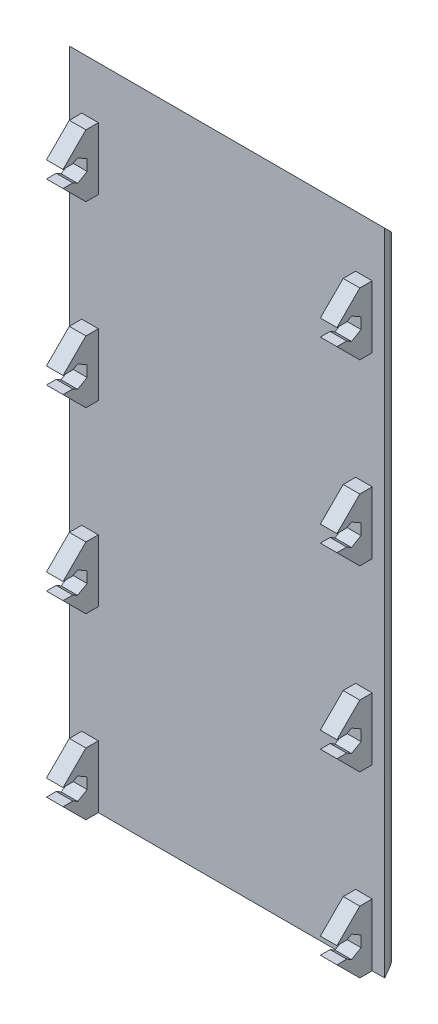
SolidWorks part; units mm, degrees
ref_plane "Front Plane" through (0, 0, 0) normal (0, 0, 1) x (1, 0, 0)
ref_plane "Top Plane" through (0, 0, 0) normal (0, 1, 0) x (1, 0, 0)
ref_plane "Right Plane" through (0, 0, 0) normal (1, 0, 0) x (0, 0, -1)
sketch "Sketch1" plane through (0, 0, 0) normal (0, 1, 0) x (1, 0, 0)
  line L0 (-9.2151, 0) -> (-9.2151, -10)
  line L1 (-9.2151, -10) -> (-5.2151, -10)
  line L2 (-5.2151, -10) -> (-5.2151, 0)
  line L3 (-5.2151, 0) -> (56.7849, 0)
  line L4 (56.7849, 0) -> (56.7849, -10)
  line L5 (56.7849, -10) -> (60.7849, -10)
  line L6 (60.7849, -10) -> (60.7849, 0)
  line L7 (60.7849, 0) -> (63.7849, 0)
  line L8 (-9.2151, 0) -> (-12.2151, 0)
  line L9 (-12.2151, 0) -> (-8.1737, 7)
  line L10 (-8.1737, 7) -> (59.7434, 7)
  line L11 (59.7434, 7) -> (63.7849, 0)
  line L12 (25.7849, 7) -> (25.7849, 0) construction
  dimension "D1" = 3
  dimension "D2" = 10
  dimension "D3" = 70
  dimension "D4" = 7
  dimension "D5" = 4
  dimension "D6" = 60
extrude "Boss-Extrude1" add sketch "Sketch1" along normal blind 156.5
sketch "Sketch4" plane through (60.7849, 0, 0) normal (1, 0, 0) x (0, 0, -1)
  line L0 (0, 156.5) -> (0, 0) construction
  line L1 (-37.5185, 156.5) -> (0, 156.5)
  line L2 (-37.5185, 156.5) -> (-37.5185, 144)
  line L3 (-37.5185, 144) -> (0, 144)
  line L4 (0, 156.5) -> (0, 144)
  line L5 (-37.5185, 156.5) -> (0, 144) construction
  line L6 (-37.5185, 144) -> (0, 156.5) construction
  line L7 (-10, 156.5) -> (0, 156.5) construction
  point P0 (-18.7592, 150.25)
  dimension "D1" = 12.5
extrude "Cut-Extrude1" cut sketch "Sketch4" against normal through all
sketch "Sketch5" plane through (60.7849, 0, 0) normal (1, 0, 0) x (0, 0, -1)
  line L0 (0, 156.5) -> (0, 0) construction
  line L1 (-33.3149, 129) -> (0, 129)
  line L2 (-33.3149, 129) -> (-33.3149, 101)
  line L3 (-33.3149, 101) -> (0, 101)
  line L4 (0, 129) -> (0, 101)
  line L5 (-33.3149, 129) -> (0, 101) construction
  line L6 (-33.3149, 101) -> (0, 129) construction
  line L7 (-10, 144) -> (0, 144) construction
  point P0 (-16.6574, 115)
  dimension "D1" = 28
  dimension "D2" = 15
extrude "Cut-Extrude2" cut sketch "Sketch5" against normal through all
sketch "Sketch6" plane through (0, 0, 0) normal (1, 0, 0) x (0, 0, -1)
  line L0 (-10, 144) -> (-10, 129) construction
  line L1 (-2.7, 137.8279) -> (-5, 139.1558)
  line L2 (-5, 139.1558) -> (-7.3, 137.8279)
  line L3 (-7.3, 137.8279) -> (-7.3, 135.1721)
  line L4 (-7.3, 135.1721) -> (-5, 133.8442)
  line L5 (-5, 133.8442) -> (-2.7, 135.1721)
  line L6 (-2.7, 135.1721) -> (-2.7, 137.8279)
  line L7 (-10, 144) -> (0, 144) construction
  line L8 (-6.15, 138.4919) -> (-10, 138.4919)
  line L9 (-6.15, 134.5081) -> (-10, 134.5081)
  line L10 (-10, 134.5081) -> (-10, 138.4919)
  circle A1 centre (-5, 136.5) radius 2.3 construction
  dimension "D1" = 4.6
  dimension "D2" = 7.5
  dimension "D3" = 5
extrude "Cut-Extrude3" cut sketch "Sketch6" against normal through all and the other way through all contours L10 L9 L4 L3 L2 L8 | L5 L6 L1 L2 L3 L4 region at (0, 136.5, 5) region at (0, 136.5, 8.5351)
pattern_linear "LPattern1" count 4 spacing 43 along (0, -1, 0) of "Cut-Extrude2", "Cut-Extrude3"
chamfer "Chamfer3" distance 7 angle 45 1 edges at (25.7849, 156.5, -7)
fillet "Fillet1" radius 8 2 edges at (-8.1737, 74.75, -7) (59.7434, 74.75, -7)
chamfer "Chamfer5" distance 7 angle 45 16 edges at (58.7849, 43, 10) (58.7849, 144, 10) (58.7849, 129, 10) (-7.2151, 144, 10) (-7.2151, 129, 10) (-7.2151, 101, 10) (-7.2151, 86, 10) (58.7849, 101, 10) (58.7849, 86, 10) (58.7849, 58, 10) (58.7849, 0, 10) (58.7849, 15, 10) (-7.2151, 0, 10) (-7.2151, 15, 10) (-7.2151, 58, 10) (-7.2151, 43, 10)
sketch "Sketch7" plane through (0, 0, -7) normal (0, 0, -1) x (-1, 0, 0)
  line L8 (3.5549, 82.737) -> (-11.316, 82.737) construction
  line L14 (-11.316, 128.6101) -> (-40.2538, 128.6101) construction
  line L20 (-11.316, 128.6101) -> (-11.316, 82.737) construction
  line L22 (-40.2538, 128.6101) -> (-40.2538, 82.737) construction
  line L23 (-11.316, 82.737) -> (-40.2538, 82.737) construction
  line L24 (3.5549, 0) -> (3.5549, 149.5) construction
  line L25 (-11.316, 127.6101) -> (-11.316, 116.1874)
  line L26 (-12.316, 128.6101) -> (-39.2538, 128.6101)
  line L27 (-11.316, 115.6101) -> (-40.2538, 115.6101) construction
  line L28 (-40.2538, 127.6101) -> (-40.2538, 115.6101)
  line L29 (-40.2538, 82.737) -> (-55.1246, 82.737) construction
  line L30 (-55.1246, 149.5) -> (-55.1246, 0) construction
  line L31 (-11.316, 149.5) -> (-11.316, 128.6101) construction
  line L32 (3.5549, 149.5) -> (-55.1246, 149.5) construction
  line L35 (-11.316, 107.5272) -> (-17.816, 103.7744)
  line L38 (-25.316, 99.4443) -> (-39.7538, 91.1086)
  line L39 (-11.316, 107.5272) -> (-11.316, 93.237)
  line L40 (-40.2538, 90.2426) -> (-40.2538, 82.737)
  line L41 (-40.2538, 82.737) -> (-32.316, 87.3199)
  line L42 (-32.316, 87.3199) -> (-32.316, 93.237) construction
  line L43 (-18.316, 102.9084) -> (-18.316, 93.237)
  line L44 (-11.316, 93.237) -> (-32.316, 93.237) construction
  line L45 (-25.316, 99.4443) -> (-25.316, 93.237)
  line L46 (-18.316, 93.237) -> (-25.316, 93.237) construction
  line L47 (-39.7538, 107.2744) -> (-18.566, 119.5072)
  line L48 (-40.2538, 115.6101) -> (-40.2538, 106.9857) construction
  line L49 (-11.316, 82.737) -> (-40.2538, 82.737) construction
  line L50 (-40.2538, 106.4084) -> (-40.2538, 100.5631)
  line L51 (-32.316, 87.3199) -> (-30.9714, 88.0962)
  line L52 (-11.816, 115.3214) -> (-31.566, 103.9187)
  line L53 (-33.2538, 121.1101) -> (-33.2538, 119.3988)
  line L54 (-31.566, 103.0527) -> (-25.316, 99.4443)
  line L55 (-32.316, 95.4028) -> (-39.7538, 99.6971)
  line L56 (-33.5038, 118.9657) -> (-40.2538, 115.0686)
  line L57 (-40.2538, 115.0686) -> (-40.2538, 115.6101)
  line L58 (-32.7538, 121.6101) -> (-18.816, 121.6101)
  line L59 (-18.316, 121.1101) -> (-18.316, 119.9402)
  line L60 (-11.316, 121.6101) -> (-18.316, 121.6101) construction
  line L61 (-33.2538, 121.6101) -> (-40.2538, 121.6101) construction
  line L62 (-40.2538, 128.6101) -> (-11.316, 128.6101) construction
  line L63 (-11.316, 128.6101) -> (-11.316, 82.737) construction
  arc A7 (-11.316, 93.237) -> (-32.316, 93.237) centre (-21.816, 93.237) cw
  arc A8 (-18.316, 93.237) -> (-25.316, 93.237) centre (-21.816, 93.237) cw
  arc A9 (-17.816, 103.7744) -> (-18.316, 102.9084) centre (-17.316, 102.9084) ccw
  arc A10 (-11.816, 115.3214) -> (-11.316, 116.1874) centre (-12.316, 116.1874) ccw
  arc A11 (-11.316, 127.6101) -> (-12.316, 128.6101) centre (-12.316, 127.6101) ccw
  arc A12 (-39.7538, 91.1086) -> (-40.2538, 90.2426) centre (-39.2538, 90.2426) ccw
  arc A13 (-39.2538, 128.6101) -> (-40.2538, 127.6101) centre (-39.2538, 127.6101) ccw
  arc A14 (-40.2538, 106.4084) -> (-39.7538, 107.2744) centre (-39.2538, 106.4084) cw
  arc A15 (-39.7538, 99.6971) -> (-40.2538, 100.5631) centre (-39.2538, 100.5631) cw
  arc A16 (-32.7538, 121.6101) -> (-33.2538, 121.1101) centre (-32.7538, 121.1101) ccw
  arc A17 (-33.5038, 118.9657) -> (-33.2538, 119.3988) centre (-33.7538, 119.3988) ccw
  arc A18 (-18.316, 121.1101) -> (-18.816, 121.6101) centre (-18.816, 121.1101) ccw
  arc A19 (-18.566, 119.5072) -> (-18.316, 119.9402) centre (-18.816, 119.9402) ccw
  arc A20 (-31.566, 103.0527) -> (-31.566, 103.9187) centre (-31.316, 103.4857) cw
  point P59 (-40.2538, 106.9857)
  point P63 (-40.2538, 99.9857)
  dimension "D11" = 7
  dimension "D12" = 30
  dimension "D10" = 7
  dimension "D14" = 0.5
  dimension "D16" = 7
  dimension "D6" = 7
  dimension "D13" = 1
  dimension "D2" = 1
  dimension "0.5" = 1
  dimension "D18" = 1
  dimension "D4" = 0.5
  dimension "D1" = 7
  dimension "D3" = 7
  dimension "D5" = 7
  dimension "D7" = 7
  dimension "D8" = 7
  dimension "D9" = 7
  dimension "D15" = 30
  dimension "D17" = 7
extrude "Cut-Extrude4" cut sketch "Sketch7" against normal blind 1 contours L54 A20 L52 A10 L25 A11 L26 A13 L28 L57 L56 L53 L58 L59 L47 A14 L50 A15 L55 L38 | L38 A12 L40 L41 L51 A7 L39 L35 A9 L43 A8 L45 region at (11.7564, 121.8988, -7) region at (25.697, 96.3406, -7)
sketch "Sketch8" plane through (0, 0, -7) normal (0, 0, -1) x (-1, 0, 0)
  line L0 (-40.2538, 128.6101) -> (-40.2538, 8.6101) construction
  line L1 (-55.1246, 149.5) -> (-55.1246, 0) construction
  line L2 (-25.7849, 128.6101) -> (-55.1246, 128.6101) construction
  line L3 (-12.316, 128.6101) -> (-39.2538, 128.6101) construction
  line L5 (-40.2538, 127.6101) -> (-40.2538, 115.0686) construction
  text T0 "DREAm" font "VALORANT" height in points 48
  dimension "D1" = 120
extrude "Cut-Extrude5" cut sketch "Sketch8" against normal blind 1
fillet "Fillet2" radius 0.5 2 edges at (32.316, 95.4028, -6.5) (25.316, 99.4443, -6.5)

########################################

Reproduce verbatim the lines of the material above, beginning with its first line and ending with the line that contains "line L7 (60.7849, 0) -> (63.7849, 0)"; skip pictures.

SolidWorks part; units mm, degrees
ref_plane "Front Plane" through (0, 0, 0) normal (0, 0, 1) x (1, 0, 0)
ref_plane "Top Plane" through (0, 0, 0) normal (0, 1, 0) x (1, 0, 0)
ref_plane "Right Plane" through (0, 0, 0) normal (1, 0, 0) x (0, 0, -1)
sketch "Sketch1" plane through (0, 0, 0) normal (0, 1, 0) x (1, 0, 0)
  line L0 (-9.2151, 0) -> (-9.2151, -10)
  line L1 (-9.2151, -10) -> (-5.2151, -10)
  line L2 (-5.2151, -10) -> (-5.2151, 0)
  line L3 (-5.2151, 0) -> (56.7849, 0)
  line L4 (56.7849, 0) -> (56.7849, -10)
  line L5 (56.7849, -10) -> (60.7849, -10)
  line L6 (60.7849, -10) -> (60.7849, 0)
  line L7 (60.7849, 0) -> (63.7849, 0)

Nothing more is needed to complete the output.